Task
Wherever the string "insert" occurs in a line of these records, report that line.

Stored data
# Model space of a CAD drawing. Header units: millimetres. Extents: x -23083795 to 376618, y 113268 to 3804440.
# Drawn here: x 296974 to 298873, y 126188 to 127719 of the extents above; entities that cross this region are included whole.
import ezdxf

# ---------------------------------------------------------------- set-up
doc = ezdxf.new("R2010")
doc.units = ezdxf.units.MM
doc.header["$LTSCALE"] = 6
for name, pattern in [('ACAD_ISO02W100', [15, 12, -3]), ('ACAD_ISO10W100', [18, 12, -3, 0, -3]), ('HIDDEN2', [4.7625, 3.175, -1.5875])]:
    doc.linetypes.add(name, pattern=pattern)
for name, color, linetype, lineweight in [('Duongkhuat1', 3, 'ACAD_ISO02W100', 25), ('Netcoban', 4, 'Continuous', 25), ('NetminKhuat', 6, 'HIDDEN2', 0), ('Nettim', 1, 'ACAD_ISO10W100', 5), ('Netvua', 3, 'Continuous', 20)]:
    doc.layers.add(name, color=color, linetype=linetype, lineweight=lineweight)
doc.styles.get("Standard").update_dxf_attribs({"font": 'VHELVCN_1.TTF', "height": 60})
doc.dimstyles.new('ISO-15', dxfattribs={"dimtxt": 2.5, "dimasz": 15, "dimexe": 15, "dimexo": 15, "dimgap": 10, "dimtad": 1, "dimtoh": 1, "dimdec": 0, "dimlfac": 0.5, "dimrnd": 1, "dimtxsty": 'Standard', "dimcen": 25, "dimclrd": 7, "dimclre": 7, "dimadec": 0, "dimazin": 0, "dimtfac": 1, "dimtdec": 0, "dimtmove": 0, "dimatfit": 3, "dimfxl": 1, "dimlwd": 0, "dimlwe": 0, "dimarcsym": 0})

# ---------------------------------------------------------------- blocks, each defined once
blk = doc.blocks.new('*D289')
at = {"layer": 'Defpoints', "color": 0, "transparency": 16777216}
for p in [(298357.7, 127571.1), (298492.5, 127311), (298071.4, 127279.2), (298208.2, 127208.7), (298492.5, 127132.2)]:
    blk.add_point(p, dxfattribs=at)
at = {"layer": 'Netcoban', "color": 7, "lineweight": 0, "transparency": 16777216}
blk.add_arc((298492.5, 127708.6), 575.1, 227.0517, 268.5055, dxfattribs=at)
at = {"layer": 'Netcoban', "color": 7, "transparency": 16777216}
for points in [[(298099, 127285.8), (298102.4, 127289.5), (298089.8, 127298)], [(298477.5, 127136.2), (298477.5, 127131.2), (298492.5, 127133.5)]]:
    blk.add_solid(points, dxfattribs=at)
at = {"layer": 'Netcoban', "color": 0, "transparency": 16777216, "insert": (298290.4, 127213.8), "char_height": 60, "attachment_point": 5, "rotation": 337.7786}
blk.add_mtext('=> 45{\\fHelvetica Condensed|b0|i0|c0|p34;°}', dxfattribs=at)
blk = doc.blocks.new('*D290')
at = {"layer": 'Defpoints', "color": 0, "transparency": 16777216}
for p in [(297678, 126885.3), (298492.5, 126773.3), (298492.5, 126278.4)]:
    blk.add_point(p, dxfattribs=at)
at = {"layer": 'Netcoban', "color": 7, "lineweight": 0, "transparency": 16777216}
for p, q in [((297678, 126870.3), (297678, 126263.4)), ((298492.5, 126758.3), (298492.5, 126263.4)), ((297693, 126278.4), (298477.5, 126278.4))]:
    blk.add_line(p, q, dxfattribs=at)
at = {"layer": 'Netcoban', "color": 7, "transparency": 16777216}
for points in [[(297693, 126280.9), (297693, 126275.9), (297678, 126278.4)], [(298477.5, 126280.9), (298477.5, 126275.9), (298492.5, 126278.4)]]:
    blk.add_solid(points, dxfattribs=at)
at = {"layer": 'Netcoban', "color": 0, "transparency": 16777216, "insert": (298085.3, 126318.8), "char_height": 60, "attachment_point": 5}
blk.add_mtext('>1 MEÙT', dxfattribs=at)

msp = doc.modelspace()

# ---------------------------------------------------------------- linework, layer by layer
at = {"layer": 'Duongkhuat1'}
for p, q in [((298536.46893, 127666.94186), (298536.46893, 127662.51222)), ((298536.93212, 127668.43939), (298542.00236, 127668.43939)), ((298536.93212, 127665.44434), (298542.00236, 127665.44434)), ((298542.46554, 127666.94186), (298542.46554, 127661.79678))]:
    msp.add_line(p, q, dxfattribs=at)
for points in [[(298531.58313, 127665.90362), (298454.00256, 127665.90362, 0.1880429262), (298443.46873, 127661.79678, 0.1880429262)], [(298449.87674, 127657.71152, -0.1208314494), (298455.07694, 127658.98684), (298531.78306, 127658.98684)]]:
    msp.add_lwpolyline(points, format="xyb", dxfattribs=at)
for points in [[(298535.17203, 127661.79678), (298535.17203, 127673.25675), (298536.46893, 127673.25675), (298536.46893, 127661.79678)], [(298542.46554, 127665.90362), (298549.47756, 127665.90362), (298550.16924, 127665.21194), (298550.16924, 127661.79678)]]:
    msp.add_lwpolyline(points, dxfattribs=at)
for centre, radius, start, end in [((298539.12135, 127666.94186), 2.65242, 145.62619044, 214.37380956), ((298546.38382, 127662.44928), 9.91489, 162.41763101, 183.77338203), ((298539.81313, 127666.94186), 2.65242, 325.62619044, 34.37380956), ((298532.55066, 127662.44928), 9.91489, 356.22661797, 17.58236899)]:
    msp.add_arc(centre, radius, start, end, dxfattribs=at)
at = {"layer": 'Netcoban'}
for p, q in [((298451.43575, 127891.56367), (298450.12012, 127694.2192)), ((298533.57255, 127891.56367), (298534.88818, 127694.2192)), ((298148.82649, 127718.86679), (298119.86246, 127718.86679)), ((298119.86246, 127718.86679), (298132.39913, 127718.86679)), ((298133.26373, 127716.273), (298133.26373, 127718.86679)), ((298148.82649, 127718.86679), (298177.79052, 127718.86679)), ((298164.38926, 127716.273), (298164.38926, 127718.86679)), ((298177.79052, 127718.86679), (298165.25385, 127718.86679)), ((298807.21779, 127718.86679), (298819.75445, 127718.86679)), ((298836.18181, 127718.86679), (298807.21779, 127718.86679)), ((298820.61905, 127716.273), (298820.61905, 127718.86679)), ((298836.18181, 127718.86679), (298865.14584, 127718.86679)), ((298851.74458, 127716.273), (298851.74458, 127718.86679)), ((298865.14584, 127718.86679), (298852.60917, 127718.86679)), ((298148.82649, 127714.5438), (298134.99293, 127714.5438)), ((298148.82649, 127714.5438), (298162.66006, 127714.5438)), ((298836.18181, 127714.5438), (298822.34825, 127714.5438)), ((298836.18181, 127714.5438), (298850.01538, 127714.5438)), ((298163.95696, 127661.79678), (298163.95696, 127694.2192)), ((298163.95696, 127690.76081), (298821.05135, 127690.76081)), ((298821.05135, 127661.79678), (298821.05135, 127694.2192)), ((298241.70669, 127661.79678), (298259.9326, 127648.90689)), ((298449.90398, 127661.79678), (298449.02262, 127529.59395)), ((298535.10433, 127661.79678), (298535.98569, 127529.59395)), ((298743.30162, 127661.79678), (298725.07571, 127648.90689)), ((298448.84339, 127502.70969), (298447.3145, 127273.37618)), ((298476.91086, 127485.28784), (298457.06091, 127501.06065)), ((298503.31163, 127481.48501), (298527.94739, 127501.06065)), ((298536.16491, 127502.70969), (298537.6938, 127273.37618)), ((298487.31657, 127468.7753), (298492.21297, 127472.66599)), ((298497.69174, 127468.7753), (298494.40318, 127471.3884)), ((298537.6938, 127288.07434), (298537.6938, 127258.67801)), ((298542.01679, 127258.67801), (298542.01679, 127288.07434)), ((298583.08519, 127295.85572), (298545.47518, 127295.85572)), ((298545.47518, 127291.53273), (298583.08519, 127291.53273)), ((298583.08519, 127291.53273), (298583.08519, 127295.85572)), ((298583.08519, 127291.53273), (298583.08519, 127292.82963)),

Result below
at = {"layer": 'Netcoban', "color": 0, "transparency": 16777216, "insert": (298290.4, 127213.8), "char_height": 60, "attachment_point": 5, "rotation": 337.7786}
at = {"layer": 'Netcoban', "color": 0, "transparency": 16777216, "insert": (298085.3, 126318.8), "char_height": 60, "attachment_point": 5}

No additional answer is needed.